# 1949 Altoona Curve Beer Bottle



## WesternPA-collector (Dec 4, 2021)

While searching this site, I was surprised to find out there's no Altoona Curve beer bottles on here. So here's my bottle from 1949. On the base it has  " 5 / 8576 / 49 / 5. / [ anchor over H logo ] " . Made at the old Anchor Hocking plant 5 in South Connellsville, PA. This should probably still have an Internal Revenue Tax Paid label. But since it doesn't, maybe the bottle wasn't filled with beer until after March 1950 when the law changed. This beer brand was named after the famous Horseshoe Curve in Altoona, PA which is featured on the label. At first, Horseshoe Curve was part of the Pennsylvania Railroad, then Penn Central, then Conrail, and now Norfolk Southern.

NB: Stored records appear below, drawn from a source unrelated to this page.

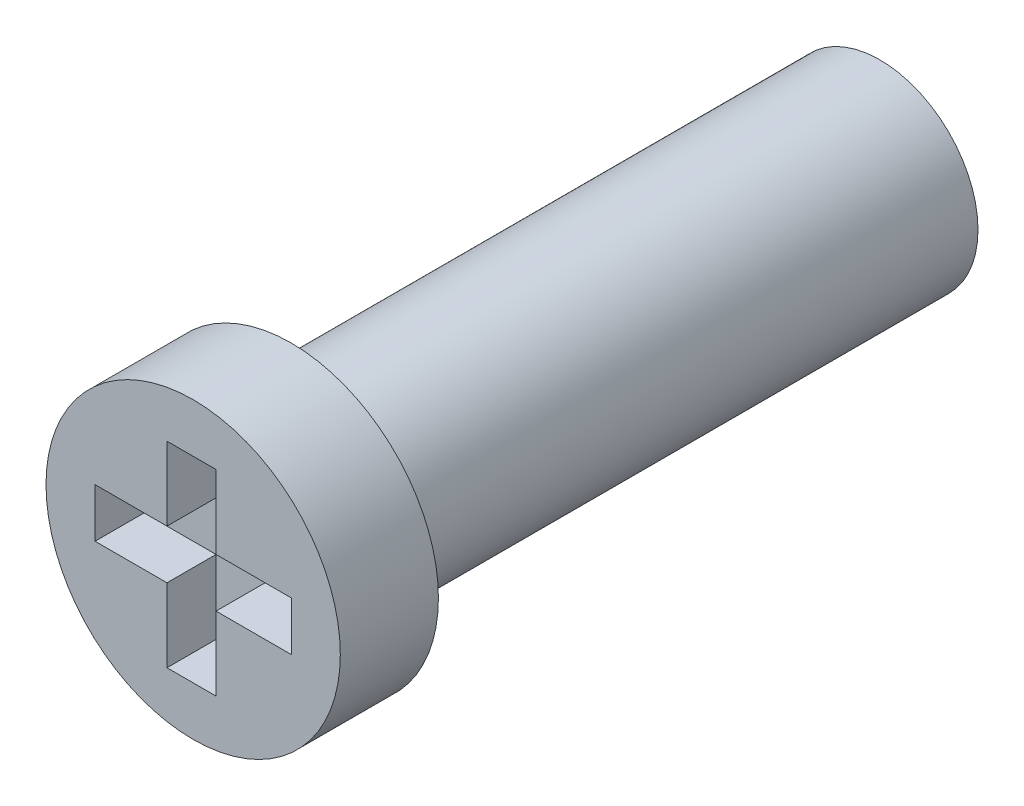
ISO-10303-21;
HEADER;
FILE_DESCRIPTION(('STEP AP214'),'2;1');
FILE_NAME('part.step','',(''),(''),'','','');
FILE_SCHEMA(('AUTOMOTIVE_DESIGN { 1 0 10303 214 1 1 1 1 }'));
ENDSEC;
DATA;
#1=APPLICATION_CONTEXT('core data for automotive mechanical design processes');
#2=APPLICATION_PROTOCOL_DEFINITION('international standard','automotive_design',2000,#1);
#3=PRODUCT_CONTEXT('',#1,'mechanical');
#4=PRODUCT('Part','Part','',(#3));
#5=PRODUCT_RELATED_PRODUCT_CATEGORY('part','',(#4));
#6=PRODUCT_DEFINITION_FORMATION('','',#4);
#7=PRODUCT_DEFINITION_CONTEXT('part definition',#1,'design');
#8=PRODUCT_DEFINITION('design','',#6,#7);
#9=PRODUCT_DEFINITION_SHAPE('','',#8);
#10=(LENGTH_UNIT() NAMED_UNIT(*) SI_UNIT(.MILLI.,.METRE.));
#11=(NAMED_UNIT(*) PLANE_ANGLE_UNIT() SI_UNIT($,.RADIAN.));
#12=(NAMED_UNIT(*) SI_UNIT($,.STERADIAN.) SOLID_ANGLE_UNIT());
#13=UNCERTAINTY_MEASURE_WITH_UNIT(LENGTH_MEASURE(1.E-05),#10,'distance_accuracy_value','');
#14=(GEOMETRIC_REPRESENTATION_CONTEXT(3) GLOBAL_UNCERTAINTY_ASSIGNED_CONTEXT((#13)) GLOBAL_UNIT_ASSIGNED_CONTEXT((#10,
#11,#12)) REPRESENTATION_CONTEXT('',''));
#15=CARTESIAN_POINT('',(0.,0.,0.));
#16=DIRECTION('',(0.,0.,1.));
#17=DIRECTION('',(1.,0.,0.));
#18=AXIS2_PLACEMENT_3D('',#15,#16,#17);
#19=CARTESIAN_POINT('',(0.,0.,12.));
#20=DIRECTION('',(0.,0.,-1.));
#21=DIRECTION('',(-1.,0.,0.));
#22=AXIS2_PLACEMENT_3D('',#19,#20,#21);
#23=CYLINDRICAL_SURFACE('',#22,2.);
#24=CARTESIAN_POINT('',(0.,0.,12.));
#25=DIRECTION('',(0.,0.,1.));
#26=DIRECTION('',(1.,0.,0.));
#27=AXIS2_PLACEMENT_3D('',#24,#25,#26);
#28=CIRCLE('',#27,2.);
#29=CARTESIAN_POINT('',(2.,0.,12.));
#30=VERTEX_POINT('',#29);
#31=EDGE_CURVE('E11',#30,#30,#28,.T.);
#32=ORIENTED_EDGE('',*,*,#31,.F.);
#33=EDGE_LOOP('',(#32));
#34=FACE_BOUND('',#33,.T.);
#35=CARTESIAN_POINT('',(0.,0.,0.));
#36=DIRECTION('',(0.,0.,1.));
#37=DIRECTION('',(1.,0.,0.));
#38=AXIS2_PLACEMENT_3D('',#35,#36,#37);
#39=CIRCLE('',#38,2.);
#40=CARTESIAN_POINT('',(2.,0.,0.));
#41=VERTEX_POINT('',#40);
#42=EDGE_CURVE('E39',#41,#41,#39,.T.);
#43=ORIENTED_EDGE('',*,*,#42,.T.);
#44=EDGE_LOOP('',(#43));
#45=FACE_BOUND('',#44,.T.);
#46=ADVANCED_FACE('F36',(#34,#45),#23,.T.);
#47=CARTESIAN_POINT('',(0.,0.,0.));
#48=DIRECTION('',(0.,0.,1.));
#49=DIRECTION('',(1.,0.,0.));
#50=AXIS2_PLACEMENT_3D('',#47,#48,#49);
#51=PLANE('',#50);
#52=ORIENTED_EDGE('',*,*,#42,.F.);
#53=EDGE_LOOP('',(#52));
#54=FACE_BOUND('',#53,.T.);
#55=ADVANCED_FACE('F233',(#54),#51,.F.);
#56=CARTESIAN_POINT('',(0.,0.,14.));
#57=DIRECTION('',(0.,0.,-1.));
#58=DIRECTION('',(-1.,0.,0.));
#59=AXIS2_PLACEMENT_3D('',#56,#57,#58);
#60=CYLINDRICAL_SURFACE('',#59,3.);
#61=CARTESIAN_POINT('',(0.,0.,14.));
#62=DIRECTION('',(0.,0.,1.));
#63=DIRECTION('',(1.,0.,0.));
#64=AXIS2_PLACEMENT_3D('',#61,#62,#63);
#65=CIRCLE('',#64,3.);
#66=CARTESIAN_POINT('',(3.,0.,14.));
#67=VERTEX_POINT('',#66);
#68=EDGE_CURVE('E209',#67,#67,#65,.T.);
#69=ORIENTED_EDGE('',*,*,#68,.F.);
#70=EDGE_LOOP('',(#69));
#71=FACE_BOUND('',#70,.T.);
#72=CARTESIAN_POINT('',(0.,0.,12.));
#73=DIRECTION('',(0.,0.,1.));
#74=DIRECTION('',(1.,0.,0.));
#75=AXIS2_PLACEMENT_3D('',#72,#73,#74);
#76=CIRCLE('',#75,3.);
#77=CARTESIAN_POINT('',(3.,0.,12.));
#78=VERTEX_POINT('',#77);
#79=EDGE_CURVE('E191',#78,#78,#76,.T.);
#80=ORIENTED_EDGE('',*,*,#79,.T.);
#81=EDGE_LOOP('',(#80));
#82=FACE_BOUND('',#81,.T.);
#83=ADVANCED_FACE('F215',(#71,#82),#60,.T.);
#84=CARTESIAN_POINT('',(0.,0.,14.));
#85=DIRECTION('',(0.,0.,1.));
#86=DIRECTION('',(1.,0.,0.));
#87=AXIS2_PLACEMENT_3D('',#84,#85,#86);
#88=PLANE('',#87);
#89=DIRECTION('',(0.,-1.,0.));
#90=VECTOR('',#89,1.);
#91=CARTESIAN_POINT('',(-0.533471751105531,2.,14.));
#92=LINE('',#91,#90);
#93=CARTESIAN_POINT('',(-0.533471751105531,2.,14.));
#94=VERTEX_POINT('',#93);
#95=CARTESIAN_POINT('',(-0.533471751105531,0.5,14.));
#96=VERTEX_POINT('',#95);
#97=EDGE_CURVE('E50',#94,#96,#92,.T.);
#98=ORIENTED_EDGE('',*,*,#97,.F.);
#99=DIRECTION('',(-1.,0.,0.));
#100=VECTOR('',#99,1.);
#101=CARTESIAN_POINT('',(-0.533471751105531,2.,14.));
#102=LINE('',#101,#100);
#103=CARTESIAN_POINT('',(0.466528248894469,2.,14.));
#104=VERTEX_POINT('',#103);
#105=EDGE_CURVE('E187',#104,#94,#102,.T.);
#106=ORIENTED_EDGE('',*,*,#105,.F.);
#107=DIRECTION('',(0.,1.,0.));
#108=VECTOR('',#107,1.);
#109=CARTESIAN_POINT('',(0.466528248894469,2.,14.));
#110=LINE('',#109,#108);
#111=CARTESIAN_POINT('',(0.466528248894469,0.5,14.));
#112=VERTEX_POINT('',#111);
#113=EDGE_CURVE('E185',#112,#104,#110,.T.);
#114=ORIENTED_EDGE('',*,*,#113,.F.);
#115=DIRECTION('',(-1.,0.,0.));
#116=VECTOR('',#115,1.);
#117=CARTESIAN_POINT('',(0.466528248894469,0.5,14.));
#118=LINE('',#117,#116);
#119=CARTESIAN_POINT('',(2.,0.5,14.));
#120=VERTEX_POINT('',#119);
#121=EDGE_CURVE('E134',#120,#112,#118,.T.);
#122=ORIENTED_EDGE('',*,*,#121,.F.);
#123=DIRECTION('',(0.,1.,0.));
#124=VECTOR('',#123,1.);
#125=CARTESIAN_POINT('',(2.,-0.5,14.));
#126=LINE('',#125,#124);
#127=CARTESIAN_POINT('',(2.,-0.5,14.));
#128=VERTEX_POINT('',#127);
#129=EDGE_CURVE('E181',#128,#120,#126,.T.);
#130=ORIENTED_EDGE('',*,*,#129,.F.);
#131=DIRECTION('',(1.,0.,0.));
#132=VECTOR('',#131,1.);
#133=CARTESIAN_POINT('',(0.466528248894469,-0.5,14.));
#134=LINE('',#133,#132);
#135=CARTESIAN_POINT('',(0.466528248894469,-0.5,14.));
#136=VERTEX_POINT('',#135);
#137=EDGE_CURVE('E178',#136,#128,#134,.T.);
#138=ORIENTED_EDGE('',*,*,#137,.F.);
#139=DIRECTION('',(0.,1.,0.));
#140=VECTOR('',#139,1.);
#141=CARTESIAN_POINT('',(0.466528248894469,-0.5,14.));
#142=LINE('',#141,#140);
#143=CARTESIAN_POINT('',(0.466528248894469,-2.,14.));
#144=VERTEX_POINT('',#143);
#145=EDGE_CURVE('E175',#144,#136,#142,.T.);
#146=ORIENTED_EDGE('',*,*,#145,.F.);
#147=DIRECTION('',(1.,0.,0.));
#148=VECTOR('',#147,1.);
#149=CARTESIAN_POINT('',(-0.533471751105531,-2.,14.));
#150=LINE('',#149,#148);
#151=CARTESIAN_POINT('',(-0.533471751105531,-2.,14.));
#152=VERTEX_POINT('',#151);
#153=EDGE_CURVE('E172',#152,#144,#150,.T.);
#154=ORIENTED_EDGE('',*,*,#153,.F.);
#155=DIRECTION('',(0.,-1.,0.));
#156=VECTOR('',#155,1.);
#157=CARTESIAN_POINT('',(-0.533471751105531,-0.5,14.));
#158=LINE('',#157,#156);
#159=CARTESIAN_POINT('',(-0.533471751105531,-0.5,14.));
#160=VERTEX_POINT('',#159);
#161=EDGE_CURVE('E169',#160,#152,#158,.T.);
#162=ORIENTED_EDGE('',*,*,#161,.F.);
#163=DIRECTION('',(1.,0.,0.));
#164=VECTOR('',#163,1.);
#165=CARTESIAN_POINT('',(-2.,-0.5,14.));
#166=LINE('',#165,#164);
#167=CARTESIAN_POINT('',(-2.,-0.5,14.));
#168=VERTEX_POINT('',#167);
#169=EDGE_CURVE('E166',#168,#160,#166,.T.);
#170=ORIENTED_EDGE('',*,*,#169,.F.);
#171=DIRECTION('',(0.,-1.,0.));
#172=VECTOR('',#171,1.);
#173=CARTESIAN_POINT('',(-2.,-0.5,14.));
#174=LINE('',#173,#172);
#175=CARTESIAN_POINT('',(-2.,0.5,14.));
#176=VERTEX_POINT('',#175);
#177=EDGE_CURVE('E163',#176,#168,#174,.T.);
#178=ORIENTED_EDGE('',*,*,#177,.F.);
#179=DIRECTION('',(-1.,0.,0.));
#180=VECTOR('',#179,1.);
#181=CARTESIAN_POINT('',(-2.,0.5,14.));
#182=LINE('',#181,#180);
#183=EDGE_CURVE('E160',#96,#176,#182,.T.);
#184=ORIENTED_EDGE('',*,*,#183,.F.);
#185=EDGE_LOOP('',(#98,#106,#114,#122,#130,#138,#146,#154,#162,#170,#178,#184));
#186=FACE_BOUND('',#185,.T.);
#187=ORIENTED_EDGE('',*,*,#68,.T.);
#188=EDGE_LOOP('',(#187));
#189=FACE_BOUND('',#188,.T.);
#190=ADVANCED_FACE('F220',(#186,#189),#88,.T.);
#191=CARTESIAN_POINT('',(0.,0.,12.));
#192=DIRECTION('',(0.,0.,1.));
#193=DIRECTION('',(1.,0.,0.));
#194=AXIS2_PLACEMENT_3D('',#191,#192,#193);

Altoona Brewing was in operation from 1936 to 1974. This bottle is relatively hard to find.


----------



## Jstorm (Dec 10, 2021)

WesternPA-collector said:


> While searching this site, I was surprised to find out there's no Altoona Curve beer bottles on here. So here's my bottle from 1949. On the base it has  " 5 / 8576 / 49 / 5. / [ anchor over H logo ] " . Made at the old Anchor Hocking plant 5 in South Connellsville, PA. This should probably still have an Internal Revenue Tax Paid label. But since it doesn't, maybe the bottle wasn't filled with beer until after March 1950 when the law changed. This beer brand was named after the famous Horseshoe Curve in Altoona, PA which is featured on the label. At first, Horseshoe Curve was part of the Pennsylvania Railroad, then Penn Central, then Conrail, and now Norfolk Southern. Altoona Brewing was in operation from 1936 to 1974. This bottle is relatively hard to find.


Mint nice!


----------